**** DATA SECTION ****

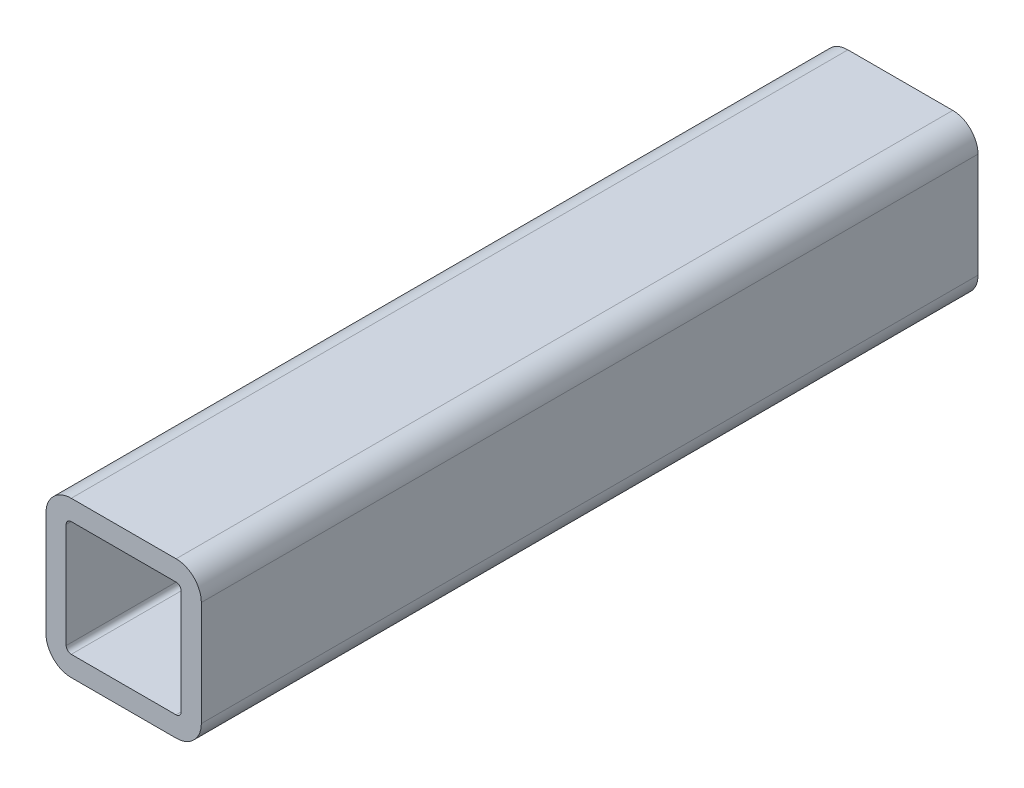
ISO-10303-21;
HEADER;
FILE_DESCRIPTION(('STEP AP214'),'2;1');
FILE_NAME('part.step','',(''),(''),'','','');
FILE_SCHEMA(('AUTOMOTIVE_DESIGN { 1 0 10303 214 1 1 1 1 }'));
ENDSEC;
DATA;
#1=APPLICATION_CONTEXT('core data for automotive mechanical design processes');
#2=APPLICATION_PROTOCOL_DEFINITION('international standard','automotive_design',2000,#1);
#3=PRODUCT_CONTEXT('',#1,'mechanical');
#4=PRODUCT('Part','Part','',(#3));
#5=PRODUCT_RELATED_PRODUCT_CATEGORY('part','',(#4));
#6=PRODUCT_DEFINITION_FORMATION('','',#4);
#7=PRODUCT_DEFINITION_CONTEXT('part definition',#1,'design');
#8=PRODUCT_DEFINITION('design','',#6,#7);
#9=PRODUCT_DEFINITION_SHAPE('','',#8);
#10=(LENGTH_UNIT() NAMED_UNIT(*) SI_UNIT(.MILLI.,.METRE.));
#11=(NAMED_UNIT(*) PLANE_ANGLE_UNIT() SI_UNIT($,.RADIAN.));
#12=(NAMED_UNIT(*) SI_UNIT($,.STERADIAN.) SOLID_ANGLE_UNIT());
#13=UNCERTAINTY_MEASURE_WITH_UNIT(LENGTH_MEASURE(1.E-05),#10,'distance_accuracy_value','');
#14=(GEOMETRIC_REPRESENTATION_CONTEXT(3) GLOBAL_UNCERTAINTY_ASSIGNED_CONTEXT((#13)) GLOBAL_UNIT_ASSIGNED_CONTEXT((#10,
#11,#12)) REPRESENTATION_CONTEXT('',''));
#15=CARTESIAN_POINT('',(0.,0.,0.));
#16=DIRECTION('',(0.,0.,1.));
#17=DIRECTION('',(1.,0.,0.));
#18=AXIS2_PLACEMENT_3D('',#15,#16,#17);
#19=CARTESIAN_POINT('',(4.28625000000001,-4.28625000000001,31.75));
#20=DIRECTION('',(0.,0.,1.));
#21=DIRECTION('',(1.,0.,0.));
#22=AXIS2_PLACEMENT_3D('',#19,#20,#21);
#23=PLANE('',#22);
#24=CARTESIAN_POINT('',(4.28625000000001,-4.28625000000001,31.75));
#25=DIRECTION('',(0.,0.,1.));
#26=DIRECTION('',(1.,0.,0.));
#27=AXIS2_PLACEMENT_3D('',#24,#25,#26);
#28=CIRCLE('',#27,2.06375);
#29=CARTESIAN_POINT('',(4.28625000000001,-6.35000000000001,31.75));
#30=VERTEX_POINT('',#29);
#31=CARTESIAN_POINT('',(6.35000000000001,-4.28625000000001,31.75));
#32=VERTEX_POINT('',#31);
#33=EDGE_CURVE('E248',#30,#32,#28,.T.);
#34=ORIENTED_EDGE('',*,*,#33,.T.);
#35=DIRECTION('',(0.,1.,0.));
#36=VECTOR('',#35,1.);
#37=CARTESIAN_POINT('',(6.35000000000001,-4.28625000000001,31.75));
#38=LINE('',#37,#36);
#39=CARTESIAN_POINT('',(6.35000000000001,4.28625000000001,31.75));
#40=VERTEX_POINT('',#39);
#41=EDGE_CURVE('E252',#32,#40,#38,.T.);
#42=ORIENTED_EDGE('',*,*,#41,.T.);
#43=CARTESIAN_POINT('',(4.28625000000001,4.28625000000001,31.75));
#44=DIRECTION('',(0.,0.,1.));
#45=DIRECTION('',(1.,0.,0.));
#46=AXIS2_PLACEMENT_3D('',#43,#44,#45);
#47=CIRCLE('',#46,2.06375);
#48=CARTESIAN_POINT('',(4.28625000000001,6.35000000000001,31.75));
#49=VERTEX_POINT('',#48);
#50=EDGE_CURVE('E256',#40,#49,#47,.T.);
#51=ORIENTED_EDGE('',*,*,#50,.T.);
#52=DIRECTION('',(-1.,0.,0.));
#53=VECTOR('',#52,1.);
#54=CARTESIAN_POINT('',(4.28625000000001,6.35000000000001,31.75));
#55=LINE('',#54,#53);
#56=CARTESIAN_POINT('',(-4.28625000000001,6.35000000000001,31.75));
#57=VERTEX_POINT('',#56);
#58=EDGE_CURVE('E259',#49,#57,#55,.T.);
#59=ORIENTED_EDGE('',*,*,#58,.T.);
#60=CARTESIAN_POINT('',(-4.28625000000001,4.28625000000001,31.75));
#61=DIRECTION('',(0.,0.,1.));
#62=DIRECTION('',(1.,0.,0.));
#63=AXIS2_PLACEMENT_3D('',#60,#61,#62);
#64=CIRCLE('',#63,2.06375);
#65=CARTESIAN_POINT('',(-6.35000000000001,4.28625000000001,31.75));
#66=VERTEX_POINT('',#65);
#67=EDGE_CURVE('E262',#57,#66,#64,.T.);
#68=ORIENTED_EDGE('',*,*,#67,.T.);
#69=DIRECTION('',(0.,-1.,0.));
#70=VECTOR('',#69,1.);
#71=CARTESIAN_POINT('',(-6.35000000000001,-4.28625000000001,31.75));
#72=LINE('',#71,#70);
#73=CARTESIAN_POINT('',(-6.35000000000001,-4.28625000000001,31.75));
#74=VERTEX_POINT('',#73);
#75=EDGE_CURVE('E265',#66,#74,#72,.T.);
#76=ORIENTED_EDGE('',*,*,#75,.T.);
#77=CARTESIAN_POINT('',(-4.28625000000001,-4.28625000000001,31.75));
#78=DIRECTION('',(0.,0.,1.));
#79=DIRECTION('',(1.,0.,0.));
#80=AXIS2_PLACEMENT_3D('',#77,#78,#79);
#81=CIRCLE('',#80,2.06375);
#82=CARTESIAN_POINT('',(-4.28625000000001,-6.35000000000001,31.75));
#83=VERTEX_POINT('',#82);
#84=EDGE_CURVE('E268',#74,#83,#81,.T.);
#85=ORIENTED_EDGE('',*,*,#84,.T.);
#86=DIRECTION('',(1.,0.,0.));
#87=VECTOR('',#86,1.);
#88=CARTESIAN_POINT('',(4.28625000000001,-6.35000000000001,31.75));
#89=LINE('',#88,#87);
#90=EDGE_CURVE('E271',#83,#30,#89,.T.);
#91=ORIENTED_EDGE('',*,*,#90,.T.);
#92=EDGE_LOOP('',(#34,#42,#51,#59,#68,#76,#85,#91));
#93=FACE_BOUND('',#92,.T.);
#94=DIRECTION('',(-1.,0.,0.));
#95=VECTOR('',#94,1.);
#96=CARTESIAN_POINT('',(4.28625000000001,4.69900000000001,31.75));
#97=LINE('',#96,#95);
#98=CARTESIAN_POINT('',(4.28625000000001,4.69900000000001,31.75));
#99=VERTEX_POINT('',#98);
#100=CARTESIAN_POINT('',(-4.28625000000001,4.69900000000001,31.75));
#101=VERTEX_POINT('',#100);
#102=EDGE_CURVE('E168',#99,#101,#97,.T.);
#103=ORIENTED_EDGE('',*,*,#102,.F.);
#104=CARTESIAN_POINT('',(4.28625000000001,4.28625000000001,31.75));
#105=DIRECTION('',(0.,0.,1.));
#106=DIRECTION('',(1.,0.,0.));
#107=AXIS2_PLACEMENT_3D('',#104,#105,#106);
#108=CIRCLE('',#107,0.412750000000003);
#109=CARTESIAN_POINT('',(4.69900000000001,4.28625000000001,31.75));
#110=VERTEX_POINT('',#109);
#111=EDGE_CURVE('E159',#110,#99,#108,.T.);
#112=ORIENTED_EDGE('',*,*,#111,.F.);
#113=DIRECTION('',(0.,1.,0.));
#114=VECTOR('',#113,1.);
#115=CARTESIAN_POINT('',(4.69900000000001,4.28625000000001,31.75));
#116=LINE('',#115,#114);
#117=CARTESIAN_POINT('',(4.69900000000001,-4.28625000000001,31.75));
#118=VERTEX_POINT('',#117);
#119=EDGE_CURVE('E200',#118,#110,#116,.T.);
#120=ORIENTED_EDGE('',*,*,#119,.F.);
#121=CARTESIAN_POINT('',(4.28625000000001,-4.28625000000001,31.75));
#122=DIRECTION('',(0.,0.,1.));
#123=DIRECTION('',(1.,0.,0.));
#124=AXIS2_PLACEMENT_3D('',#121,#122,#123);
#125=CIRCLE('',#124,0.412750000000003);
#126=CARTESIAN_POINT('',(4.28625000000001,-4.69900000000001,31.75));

****

EXERCISE DESCRIPTION
Of all the entries above, retype exactly the lines from the line with "#85=ORIENTED_EDGE('',*,*,#84,.T.);" to the line with "#97=LINE('',#96,#95);", both included, and no others.

EXERCISE ANSWER
#85=ORIENTED_EDGE('',*,*,#84,.T.);
#86=DIRECTION('',(1.,0.,0.));
#87=VECTOR('',#86,1.);
#88=CARTESIAN_POINT('',(4.28625000000001,-6.35000000000001,31.75));
#89=LINE('',#88,#87);
#90=EDGE_CURVE('E271',#83,#30,#89,.T.);
#91=ORIENTED_EDGE('',*,*,#90,.T.);
#92=EDGE_LOOP('',(#34,#42,#51,#59,#68,#76,#85,#91));
#93=FACE_BOUND('',#92,.T.);
#94=DIRECTION('',(-1.,0.,0.));
#95=VECTOR('',#94,1.);
#96=CARTESIAN_POINT('',(4.28625000000001,4.69900000000001,31.75));
#97=LINE('',#96,#95);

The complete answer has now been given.